Rejecting the Cyrllic alphabet and the Turkish influenced "Rumania" (or "Roumania") for the Latin alphabet and the pure Latin România, Romania can now claim that name as its own, with few remembering that it was the proper name of the Roman (and the "Byzantine") Empire. In the Middle Ages, "Romania" tended to refer to the contemporaneous extent of the Empire, i.e. Anatolia and the Balkans ("Asia and Europa" or "Rûm and Rumelia"). The modern state might be said to be "Lesser Romania" in contrast to that "Greater Romania"; but this might be considered insulting by Romanians and so is not likely to catch on.
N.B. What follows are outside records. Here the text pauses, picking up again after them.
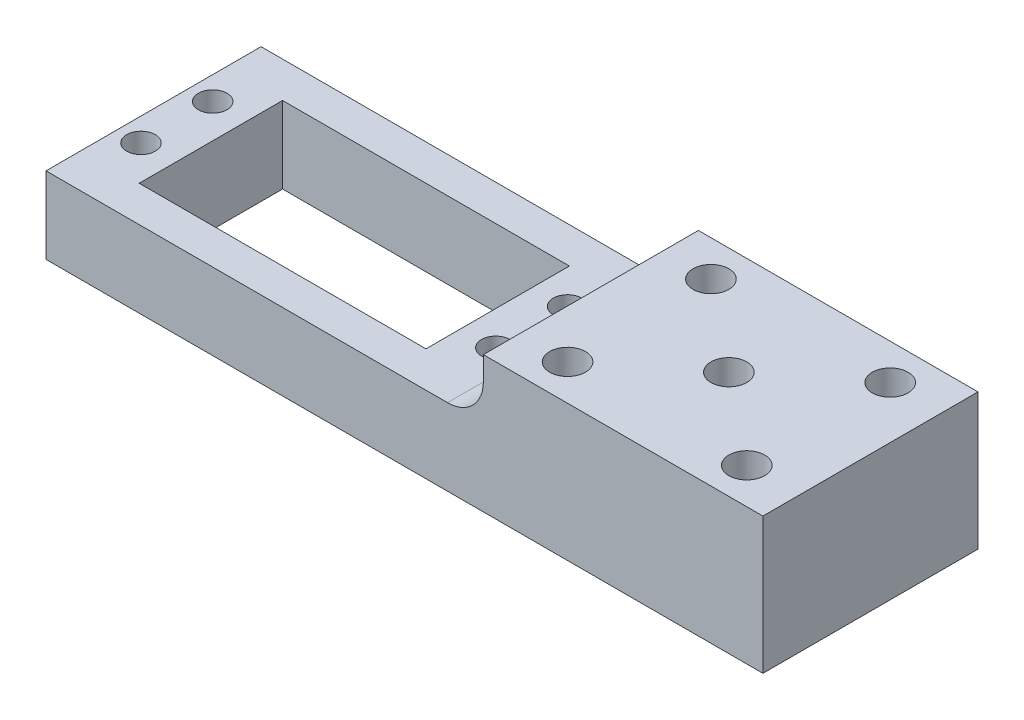
SolidWorks part; units mm, degrees
note: The reader was unsure of these and kept them because the rebuilt part matched: shared geometry of "Sketch1<4>".
material "ABS"
ref_plane "Front Plane" through (0, 0, 0) normal (0, 0, 1) x (1, 0, 0)
ref_plane "Top Plane" through (0, 0, 0) normal (0, 1, 0) x (1, 0, 0)
ref_plane "Right Plane" through (0, 0, 0) normal (1, 0, 0) x (0, 0, -1)
sketch "Sketch1" plane through (0, 0, 0) normal (0, 1, 0) x (1, 0, 0)
  line L0 (-31.2167, 0) -> (31.2167, 0) construction
  line L1 (-20, 10) -> (20, 10)
  line L2 (-20, 10) -> (-20, -10)
  line L3 (-20, -10) -> (20, -10)
  line L4 (20, 10) -> (20, -10)
  line L5 (-20, 10) -> (20, -10) construction
  line L6 (-20, -10) -> (20, 10) construction
  line L7 (0, 15) -> (28, 15)
  line L8 (-28, 0) -> (-28, -15)
  line L9 (-28, -15) -> (0, -15)
  line L11 (-28, 15) -> (28, -15) construction
  line L12 (-28, -15) -> (28, 15) construction
  line L13 (0, 0) -> (0, -22.8648) construction
  line L18 (-28, 15) -> (-28, -15)
  line L19 (-28, 15) -> (72, 15)
  line L20 (-28, -15) -> (72, -15)
  line L21 (72, 15) -> (72, -15)
  line L22 (33, 15) -> (33, -15)
  circle A0 centre (24.75, 5) radius 2
  circle A1 centre (24.75, -5) radius 2
  circle A2 centre (-24.75, -5) radius 2
  circle A3 centre (-24.75, 5) radius 2
  point P0 (0, 0)
  point P6 (0, 0)
  point P14 (0, 0)
extrude "Boss-Extrude1" add sketch "Sketch1" along normal blind 10.7
extrude "Boss-Extrude2" add sketch "Sketch1<4>" along normal blind 19
sketch "Sketch1<4>" plane through (0, 0, 0) normal (0, 1, 0) x (1, 0, 0) same geometry as "Sketch1"
fillet "Fillet1" radius 5 1 edges at (33, 10.7, 0)
sketch "Sketch2" plane through (0, 0, 0) normal (0, -1, 0) x (1, 0, 0)
  circle A0 centre (52.25, 0) radius 2.5
  circle A4 centre (39.75, 10) radius 2.5
  circle A5 centre (39.75, -10) radius 2.5
  circle A6 centre (64.75, -10) radius 2.5
  circle A7 centre (64.75, 10) radius 2.5
extrude "Cut-Extrude2" cut sketch "Sketch2" against normal up to next

The mysterious history of Romance speakers in the Balkans, the Romanians and Vlachs, whose existence is not noticed until the 12th Century and whose language is not attested until the 16th, is treated separated in "The Vlach Connection and Further Reflections on Roman History." This is a story now charged with the nationalism both of Romania and neighbors like Hungary.

The marriages of the Romanian Royal Family quickly connected it to major European, especially British and Greek, royalty. Thus King Ferdinand was the grandson of a first cousin of Queen Victoria and Prince Albert (Ferdinand of Portugal, the brother of Augustus, Prince of Coburg, who was the father of Ferdinand of Bulgaria), and he married one of their own granddaughters, Marie of Saxe-Coburg-Gotha. King Carol II then married Helen of Greece, who was a great-granddaughter of Queen Victoria, through her mother Sophia, the sister of Kaiser Wilhlem II of Germany. All these connections, of course, profited the monarchy little in the conflicts of fascism and communism that had the country under one form of dictatorship or another from 1940 to 1989.

Mediaeval România

The two maps above show the situation before and after the Russo-Turkish War of 1877-1878. Note that by then Britain had ceded the Ionians Islands to Greece (1864). In 1875 rebellions started in Bosnia and then Bulgaria. The brutality with which these were suppressed aroused European opinion, and after some delay Russia declared war. With some hard fighting, the Russians ended up capturing Adrianople and arriving at the outskirts of Constantinople. The Treaty of San Stephano which ended the war mostly freed the Balkans, but the Great Powers didn't like it. The Congress of Berlin rolled things back a bit. Serbia, România, and Montenegro all became independent, with increases in territory, but Bulgaria was divided and merely allowed autonomy. Bosnia, Herzegovina, and Novipazar were made protectorates of Austria. The map looked much the same for many years, with Bulgaria annexing East Rumelia in 1885.